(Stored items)
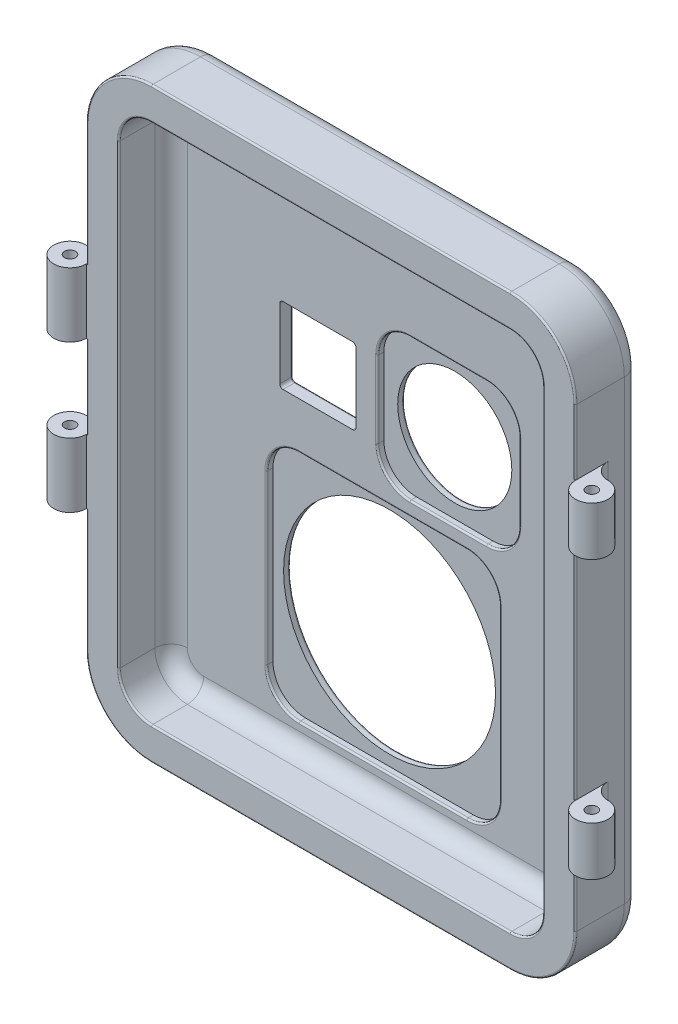
SolidWorks part; units mm, degrees
ref_plane "Front Plane" through (0, 0, 0) normal (0, 0, 1) x (1, 0, 0)
ref_plane "Top Plane" through (0, 0, 0) normal (0, 1, 0) x (1, 0, 0)
ref_plane "Right Plane" through (0, 0, 0) normal (1, 0, 0) x (0, 0, -1)
sketch "Sketch1" plane through (0, 0, 0) normal (0, 0, 1) x (1, 0, 0)
  line L3 (55, -90) -> (-55, -90)
  line L4 (75, -70) -> (75, 70)
  line L5 (55, 90) -> (-55, 90)
  line L6 (-75, -70) -> (-75, 70)
  line L7 (75, -90) -> (-75, 90) construction
  line L8 (75, 90) -> (-75, -90) construction
  arc A2 (-55, -90) -> (-75, -70) centre (-55, -70) cw
  arc A3 (55, -90) -> (75, -70) centre (55, -70) ccw
  arc A4 (75, 70) -> (55, 90) centre (55, 70) ccw
  arc A5 (-55, 90) -> (-75, 70) centre (-55, 70) ccw
  point P0 (0, 0)
  dimension "D3" = 20
  dimension "D1" = 180
  dimension "D2" = 150
extrude "Boss-Extrude1" add sketch "Sketch1" along normal blind 20
shell "Shell1" thickness 10 removed face at (0, 0, 20)
sketch "Sketch8" plane through (0, 0, 4) normal (0, 0, 1) x (1, 0, 0)
  line L0 (75.1597, 25) -> (-92.0515, 25) construction
  dimension "D1" = 25
sketch "Sketch2" plane through (0, 0, 20) normal (0, 0, 1) x (1, 0, 0)
  line L10 (-72, 70) -> (-72, -70)
  line L11 (-55, -87) -> (55, -87)
  line L12 (72, -70) -> (72, 70)
  line L13 (55, 87) -> (-55, 87)
  line L14 (-70, 70) -> (-70, -70)
  line L15 (-55, -85) -> (55, -85)
  line L16 (70, -70) -> (70, 70)
  line L17 (55, 85) -> (-55, 85)
  line L18 (-70, 70) -> (-70, -70) construction
  line L19 (-55, -85) -> (55, -85) construction
  line L20 (70, -70) -> (70, 70) construction
  line L21 (55, 85) -> (-55, 85) construction
  line L22 (-68, 70) -> (-68, -70)
  line L23 (-55, -83) -> (55, -83)
  line L24 (68, -70) -> (68, 70)
  line L25 (55, 83) -> (-55, 83)
  arc A8 (-72, -70) -> (-55, -87) centre (-55, -70) ccw
  arc A9 (55, -87) -> (72, -70) centre (55, -70) ccw
  arc A10 (72, 70) -> (55, 87) centre (55, 70) ccw
  arc A11 (-55, 87) -> (-72, 70) centre (-55, 70) ccw
  arc A12 (-55, 85) -> (-70, 70) centre (-55, 70) ccw
  arc A13 (-70, -70) -> (-55, -85) centre (-55, -70) ccw
  arc A14 (55, -85) -> (70, -70) centre (55, -70) ccw
  arc A15 (70, 70) -> (55, 85) centre (55, 70) ccw
  arc A16 (-55, 85) -> (-70, 70) centre (-55, 70) ccw construction
  arc A17 (-70, -70) -> (-55, -85) centre (-55, -70) ccw construction
  arc A18 (55, -85) -> (70, -70) centre (55, -70) ccw construction
  arc A19 (70, 70) -> (55, 85) centre (55, 70) ccw construction
  arc A20 (-68, -70) -> (-55, -83) centre (-55, -70) ccw
  arc A21 (55, -83) -> (68, -70) centre (55, -70) ccw
  arc A22 (68, 70) -> (55, 83) centre (55, 70) ccw
  arc A23 (-55, 83) -> (-68, 70) centre (-55, 70) ccw
  dimension "D1" = 5
  dimension "D2" = 2
  dimension "D3" = 2
extrude "Cut-Extrude1" [suppressed] cut sketch "Sketch2" against normal blind 3
sketch "Sketch3" plane through (0, 0, 0) normal (0, 0, 1) x (1, 0, 0)
  line L0 (-55, -80) -> (55, -80) construction
  circle A0 centre (0, -36.75) radius 32.5
  dimension "D2" = 65
  dimension "D1" = 43.25
extrude "Cut-Extrude5" cut sketch "Sketch3" along normal through all
sketch "Sketch4" plane through (0, 0, 0) normal (0, 0, 1) x (1, 0, 0)
  line L0 (75.1597, 25) -> (-92.0515, 25) construction
  line L1 (-30.675, 13.325) -> (-9.325, 13.325)
  line L2 (-31.675, 14.325) -> (-31.675, 35.675)
  line L3 (-30.675, 36.675) -> (-9.325, 36.675)
  line L4 (-8.325, 14.325) -> (-8.325, 35.675)
  line L5 (-31.675, 13.325) -> (-8.325, 36.675) construction
  line L6 (-31.675, 36.675) -> (-8.325, 13.325) construction
  arc A0 (-8.325, 14.325) -> (-9.325, 13.325) centre (-9.325, 14.325) cw
  arc A1 (-31.675, 35.675) -> (-30.675, 36.675) centre (-30.675, 35.675) cw
  arc A2 (-30.675, 13.325) -> (-31.675, 14.325) centre (-30.675, 14.325) cw
  arc A3 (-9.325, 36.675) -> (-8.325, 35.675) centre (-9.325, 35.675) cw
  point P0 (-20, 25)
  dimension "D3" = 1
  dimension "D1" = 23.35
  dimension "D2" = 20
extrude "Cut-Extrude6" cut sketch "Sketch4" along normal through all
sketch "Sketch5" plane through (0, 0, 0) normal (0, 0, 1) x (1, 0, 0)
  line L0 (75.1597, 25) -> (-92.0515, 25) construction
  circle A0 centre (20, 25) radius 17.5
  dimension "D1" = 35
  dimension "D2" = 20
extrude "Cut-Extrude7" cut sketch "Sketch5" along normal through all
sketch "Sketch6" plane through (0, 0, 0) normal (0, 1, 0) x (1, 0, 0)
  line L0 (75, -20) -> (75, 0) construction
  line L1 (75, -20) -> (75, -10)
  line L2 (55, -20) -> (-55, -20) construction
  arc A0 (75, -20) -> (80, -15) centre (80, -20) ccw
  circle A1 centre (80, -20) radius 1.7
  arc A2 (80, -15) -> (75, -10) centre (80, -10) cw
  dimension "D1" = 3.4
  dimension "D2" = 10
extrude "Boss-Extrude2" add sketch "Sketch6" along normal mid plane 100
extrude "Cut-Extrude8" cut sketch "Sketch6<2>" against normal mid plane 70
sketch "Sketch6<2>" plane through (0, 0, 0) normal (0, 1, 0) x (1, 0, 0) same geometry as "Sketch6"
sketch "Sketch9" plane through (0, 0, 0) normal (0, 1, 0) x (1, 0, 0)
  line L0 (55, -20) -> (-55, -20) construction
  line L1 (-75, -20) -> (-75, 0) construction
  line L2 (-75, -10) -> (-75, -20)
  circle A0 centre (-80, -20) radius 1.7
  arc A1 (-80, -15) -> (-75, -20) centre (-80, -20) ccw
  arc A2 (-80, -15) -> (-75, -10) centre (-80, -10) ccw
  dimension "D1" = 10
  dimension "D2" = 3.4
extrude "Boss-Extrude3" add sketch "Sketch9" along normal mid plane 65
extrude "Cut-Extrude10" cut sketch "Sketch9<2>" against normal mid plane 25.5
sketch "Sketch9<2>" plane through (0, 0, 0) normal (0, 1, 0) x (1, 0, 0) same geometry as "Sketch9"
sketch "Sketch7" plane through (0, 0, 4) normal (0, 0, 1) x (1, 0, 0)
  line L1 (-25.75, -1) -> (25.75, -1)
  line L2 (-35.75, -11) -> (-35.75, -62.5)
  line L3 (-25.75, -72.5) -> (25.75, -72.5)
  line L4 (35.75, -11) -> (35.75, -62.5)
  line L5 (-35.75, -1) -> (35.75, -72.5) construction
  line L6 (-35.75, -72.5) -> (35.75, -1) construction
  line L7 (8.25, 46.75) -> (31.75, 46.75)
  line L8 (-1.75, 36.75) -> (-1.75, 13.25)
  line L9 (8.25, 3.25) -> (31.75, 3.25)
  line L10 (41.75, 36.75) -> (41.75, 13.25)
  line L11 (-1.75, 46.75) -> (41.75, 3.25) construction
  line L12 (-1.75, 3.25) -> (41.75, 46.75) construction
  arc A1 (-35.75, -62.5) -> (-25.75, -72.5) centre (-25.75, -62.5) ccw
  arc A2 (25.75, -72.5) -> (35.75, -62.5) centre (25.75, -62.5) ccw
  arc A3 (25.75, -1) -> (35.75, -11) centre (25.75, -11) cw
  arc A4 (-25.75, -1) -> (-35.75, -11) centre (-25.75, -11) ccw
  arc A5 (-1.75, 13.25) -> (8.25, 3.25) centre (8.25, 13.25) ccw
  arc A6 (31.75, 3.25) -> (41.75, 13.25) centre (31.75, 13.25) ccw
  arc A7 (31.75, 46.75) -> (41.75, 36.75) centre (31.75, 36.75) cw
  arc A8 (8.25, 46.75) -> (-1.75, 36.75) centre (8.25, 36.75) ccw
  point P0 (0, -36.75)
  point P5 (20, 25)
  dimension "D1" = 43.5
  dimension "D5" = 10
  dimension "D2" = 43.5
  dimension "D3" = 71.5
  dimension "D4" = 71.5
extrude "Cut-Extrude9" cut sketch "Sketch7" against normal blind 2
fillet "Fillet1" radius 5 16 edges at (75, 0, 0) (69.1421, -84.1421, 0) (0, -90, 0) (-69.1421, -84.1421, 0) (-75, 0, 0) (-69.1421, 84.1421, 0) (0, 90, 0) (69.1421, 84.1421, 0) (0, 80, 4) (62.0711, 77.0711, 4) (65, 0, 4) (62.0711, -77.0711, 4) (0, -80, 4) (-62.0711, -77.0711, 4) (-65, 0, 4) (-62.0711, 77.0711, 4)
fillet "Fillet2" radius 0.5 46 edges at (-8.6179, 13.6179, 0) (-20, 13.325, 0) (-31.3821, 13.6179, 0) (-31.675, 25, 0) (-31.3821, 36.3821, 0) (-20, 36.675, 0) (-8.6179, 36.3821, 0) (75, 60, 20) (69.1421, 84.1421, 20) (0, 90, 20) (-69.1421, 84.1421, 20) (75, -60, 20) (69.1421, -84.1421, 20) (0, -90, 20) (-69.1421, -84.1421, 20) (-62.0711, 77.0711, 20) (0, 80, 20) (62.0711, 77.0711, 20) (65, 0, 20) (62.0711, -77.0711, 20) (0, -80, 20) (-62.0711, -77.0711, 20) (-8.325, 25, 0) (37.5, 25, 0) (75, 0, 20) (-75, 51.25, 20) (-75, -51.25, 20) (-75, 0, 20) (-65, 0, 20) (32.5, -36.75, 0) (1.1789, 43.8211, 4) (20, 46.75, 4) (38.8211, 43.8211, 4) (41.75, 25, 4) (38.8211, 6.1789, 4) (20, 3.25, 4) (1.1789, 6.1789, 4) (32.8211, -3.9289, 4) (35.75, -36.75, 4) (32.8211, -69.5711, 4) (0, -72.5, 4) (-32.8211, -69.5711, 4) (-35.75, -36.75, 4) (-32.8211, -3.9289, 4) (-1.75, 25, 4) (0, -1, 4)

PROBLEM TO SOLVE =>
Wherever the line holding "against normal blind 2" falls in the entries above, copy exactly from it through the line holding "(-62.0711, 77.0711, 4)", inclusive, and add nothing.

WORKED SOLUTION =>
extrude "Cut-Extrude9" cut sketch "Sketch7" against normal blind 2
fillet "Fillet1" radius 5 16 edges at (75, 0, 0) (69.1421, -84.1421, 0) (0, -90, 0) (-69.1421, -84.1421, 0) (-75, 0, 0) (-69.1421, 84.1421, 0) (0, 90, 0) (69.1421, 84.1421, 0) (0, 80, 4) (62.0711, 77.0711, 4) (65, 0, 4) (62.0711, -77.0711, 4) (0, -80, 4) (-62.0711, -77.0711, 4) (-65, 0, 4) (-62.0711, 77.0711, 4)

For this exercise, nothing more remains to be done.